In an interview with The Asahi Shimbun on April 3, Bank of Japan Governor Kazuo Ueda addressed the issue of inflation and potential interest rate hikes. He emphasized the need for greater certainty in achieving the 2% inflation target before any such decisions are made.

Ueda acknowledged the recent wage hikes resulting from the "shunto" spring labor offensive and their potential to contribute to higher consumer prices in the coming months. He also highlighted the BOJ's decision in March to end its negative interest rate policy, implemented under his predecessor Haruhiko Kuroda, due to the increased likelihood of a positive wage-price spiral.

However, Ueda cautioned that the underlying inflation rate of 2% had not yet been achieved, as higher import costs continued to impact product prices. He explained that the decision to end the negative interest rate policy was based on a "degree of certainty" in achieving the inflation target exceeding a certain level, which he estimated to be around 75%. He indicated that an increase to 80% or 85% could trigger a move towards higher interest rates.

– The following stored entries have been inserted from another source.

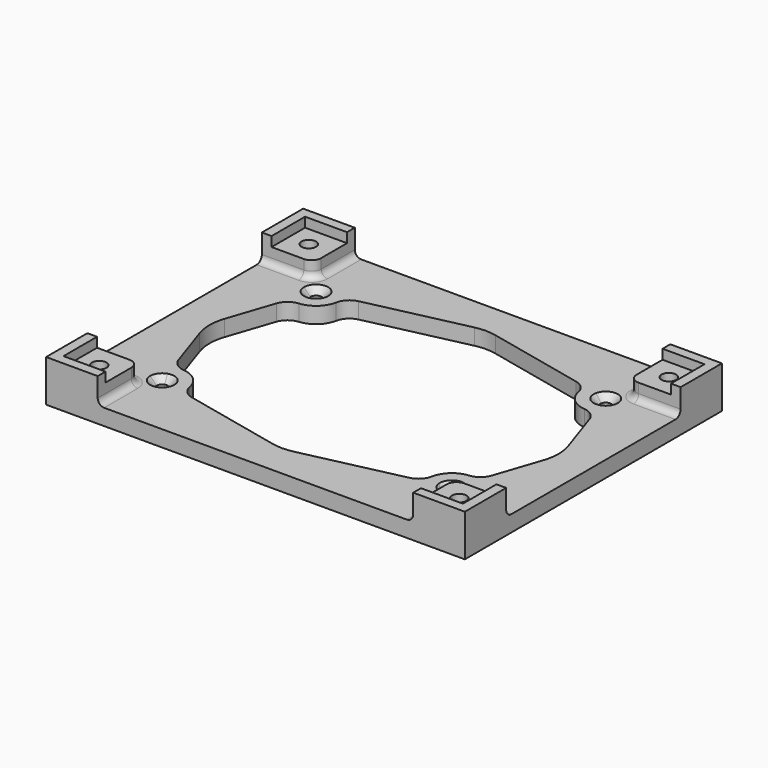
from build123d import *

# Parameters (mm, degrees)
F1_DEPTH = 5
F0_W     = 13
F0_H     = 13
F0_R     = 4
F0_R_2   = 2.25
F2_DEPTH = 10
F3_DEPTH = 13
F4_DEPTH = 6
F5_SIZE  = 2
F6_R     = 3
F7_R     = 2
F8_R     = 5
F11_R    = 15


with BuildPart() as f1:
    # F0 (on Top) → F1 (new body)
    with BuildSketch(Plane.XY):
        with BuildLine():
            ThreePointArc((43.1918518623, 30.1804338837), (45.0913645201, 31.5395055678), (46.65, 29.8))
            ThreePointArc((46.65, 29.8), (46.3207025236, 28.7781857608), (45.4567378977, 28.1409210648))
            Line((45.4567378977, 28.1409210648), (47.2860195617, 22.6896617063))
            Line((47.2860195617, 22.6896617063), (54.9, 0))
            Line((54.9, 0), (64.9, 0))
            Line((64.9, 0), (64.9, 33.8))
            Line((64.9, 33.8), (61.9, 33.8))
            Line((61.9, 33.8), (48.9, 33.8))
            Line((48.9, 33.8), (48.9, 46.8))
            Line((48.9, 46.8), (48.9, 49.8))
            Line((48.9, 49.8), (0, 49.8))
            Line((0, 49.8), (0, 39.8))
            Line((0, 39.8), (37.5793651244, 31.43043093))
            Line((37.5793651244, 31.43043093), (43.1918518623, 30.1804338837))
        make_face()
        with BuildLine():
            ThreePointArc((45.4567378977, 28.1409210648), (43.7289579343, 28.499553738), (43.1918518623, 30.1804338837))
            Line((43.1918518623, 30.1804338837), (37.5793651244, 31.43043093))
            ThreePointArc((37.5793651244, 31.43043093), (39.8812482897, 24.2266588773), (47.2860195617, 22.6896617063))
            Line((47.2860195617, 22.6896617063), (45.4567378977, 28.1409210648))
        make_face()
    extrude(amount=F1_DEPTH)

    # F0 (on Top) → F2 (join)
    with BuildSketch(Plane.XY):
        with Locations((55.4, 40.3)):
            Rectangle(F0_W, F0_H)
        with Locations((55.8, 40.6)):
            Circle(F0_R, mode=Mode.SUBTRACT)
        with Locations((55.8, 40.6)):
            Circle(F0_R)
        with Locations((55.8, 40.6)):
            Circle(F0_R_2, mode=Mode.SUBTRACT)
    extrude(amount=F2_DEPTH)

    # F0 (on Top) → F3 (join)
    with BuildSketch(Plane.XY):
        Polygon((64.9, 49.8), (48.9, 49.8), (48.9, 46.8), (61.9, 46.8), (61.9, 33.8), (64.9, 33.8), align=None)
    extrude(amount=F3_DEPTH)

    # F0 (on Top) → F4 (cut)
    with BuildSketch(Plane.XY):
        with Locations((55.8, 40.6)):
            Circle(F0_R)
        with Locations((55.8, 40.6)):
            Circle(F0_R_2, mode=Mode.SUBTRACT)
    extrude(amount=F4_DEPTH, mode=Mode.SUBTRACT)

    # F5
    f5_edges = [f1.edges().sort_by_distance(p)[0] for p in [
        (43.15, 29.8, 5),
    ]]
    chamfer(f5_edges, length=F5_SIZE)

    # F6
    f6_edges = [f1.edges().sort_by_distance(p)[0] for p in [
        (48.9, 33.8, 7.5),
    ]]
    fillet(f6_edges, radius=F6_R)

    # F7
    f7_edges = [f1.edges().sort_by_distance(p)[0] for p in [
        (58.4, 33.8, 5),
        (49.77868, 34.67868, 5),
        (48.9, 43.3, 5),
    ]]
    fillet(f7_edges, radius=F7_R)

    # F8
    f8_edges = [f1.edges().sort_by_distance(p)[0] for p in [
        (37.579365, 31.430431, 2.5),
        (47.28602, 22.689662, 2.5),
    ]]
    fillet(f8_edges, radius=F8_R)

    # F9: F1 across face


with BuildPart() as f1_1:
    add(f1.part)
    add(f1.part.mirror(Plane(origin=(0, 44.8, 2.5), x_dir=(0, -1, 0), z_dir=(-1, 0, 0))))

    # F10: F1 across face


with BuildPart() as f1_2:
    add(f1_1.part)
    add(f1_1.part.mirror(Plane(origin=(59.9, 0, 2.5), x_dir=(1, 0, 0), z_dir=(0, -1, 0))))

    # F11
    f11_edges = [f1_2.edges().sort_by_distance(p)[0] for p in [
        (0, 39.8, 2.5),
        (54.9, 0, 2.5),
        (0, -39.8, 2.5),
        (-54.9, 0, 2.5),
    ]]
    fillet(f11_edges, radius=F11_R)


solid = f1_2.part
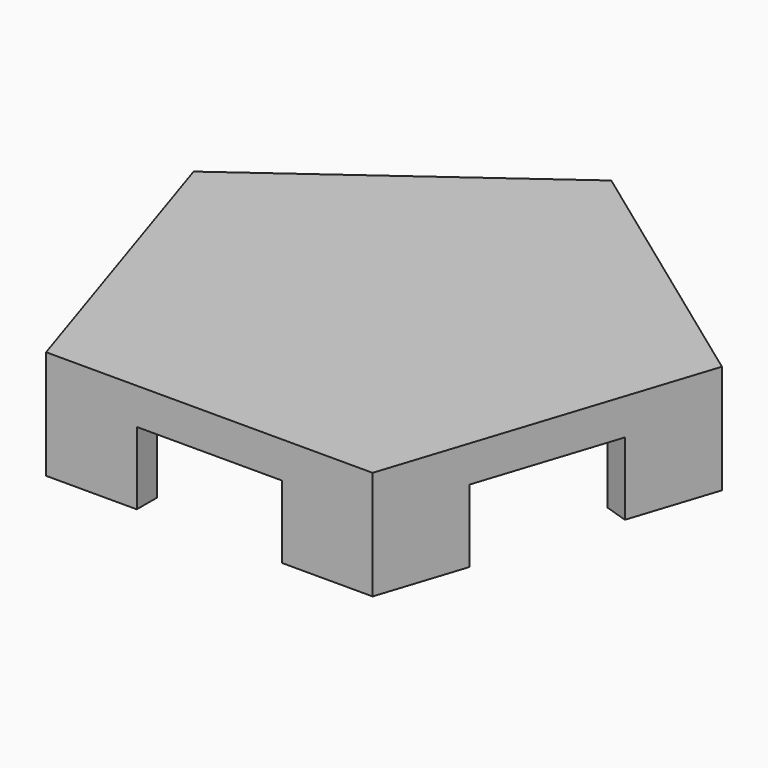
from build123d import *

# Parameters (mm, degrees)
F1_DEPTH = 7.62
F3_DEPTH = 5.08
F4_W     = 10.16
F4_H     = 1.748005039
F5_DEPTH = 5.08


# Not quite as in the source:
# - a feature names something its author has since deleted; it is built from what else it names


with BuildPart() as f1:
    # F0 (on Top) → F1 (new body)
    with BuildSketch(Plane.XY):
        Polygon((-11.43, -15.732045351), (11.43, -15.732045351), (18.4941284914, 6.0091066115), (0, 19.4458774789), (-18.4941284914, 6.0091066115), align=None)
    extrude(amount=F1_DEPTH)

    # F2 (on Top) → F3 (cut)
    with BuildSketch(Plane.XY):
        Polygon((10.16, -13.984040312), (16.4392253257, 5.3414280991), (0, 17.2852244257), (-16.4392253257, 5.3414280991), (-10.16, -13.984040312), align=None)
    extrude(amount=F3_DEPTH, mode=Mode.SUBTRACT)

    # F4 (on face) → F5 (cut)
    with BuildSketch(Plane(origin=(0, 0, 0), x_dir=(1, 0, 0), z_dir=(0, 0, -1))):
        Polygon((-14.8694189943, -0.5100609964), (-13.2996126628, 4.3213061064), (-14.9620642457, 4.8614693697), (-16.5318705771, 0.030102267), align=None)
        Polygon((-14.9620642457, 4.8614693697), (-13.2996126628, 4.3213061064), (-11.7298063314, 9.1526732092), (-13.3922579143, 9.6928364725), align=None)
        Polygon((11.7298063314, 9.1526732092), (13.2996126628, 4.3213061064), (14.9620642457, 4.8614693697), (13.3922579143, 9.6928364725), align=None)
        Polygon((14.9620642457, 4.8614693697), (13.2996126628, 4.3213061064), (14.8694189943, -0.5100609964), (16.5318705771, 0.030102267), align=None)
        with Locations((0, 14.8580428315)):
            Rectangle(F4_W, F4_H)
        Polygon((0, -19.4458774789), (0, -17.2852244257), (-11.3019674114, -9.0738644512), (-12.3294189943, -10.488030234), align=None)
        Polygon((11.3019674114, -9.0738644512), (0, -17.2852244257), (0, -19.4458774789), (12.3294189943, -10.488030234), align=None)
    extrude(amount=-F5_DEPTH, mode=Mode.SUBTRACT)


solid = f1.part

Ueda expressed optimism that the wage hikes, coupled with the government's planned income tax cut in June, would boost personal consumption and contribute to higher consumer prices. This, in turn, could lead to a potential interest rate increase between summer and autumn.

However, he also emphasized the need for a loose monetary environment as long as the underlying inflation rate remained below 2%. He acknowledged that an excessively weak yen could impact the economy and consumer prices, potentially influencing decisions on interest rate hikes.

Ueda declined to comment on the current exchange rate but stated that significant exchange rate trends affecting the wage-price cycle could warrant a monetary policy response. He also acknowledged the possibility of inflation exceeding 2%, but downplayed its likelihood.

Finally, Ueda reaffirmed the BOJ's commitment to the joint statement with the central government, seeking to achieve a 2% inflation rate in a stable and sustainable manner.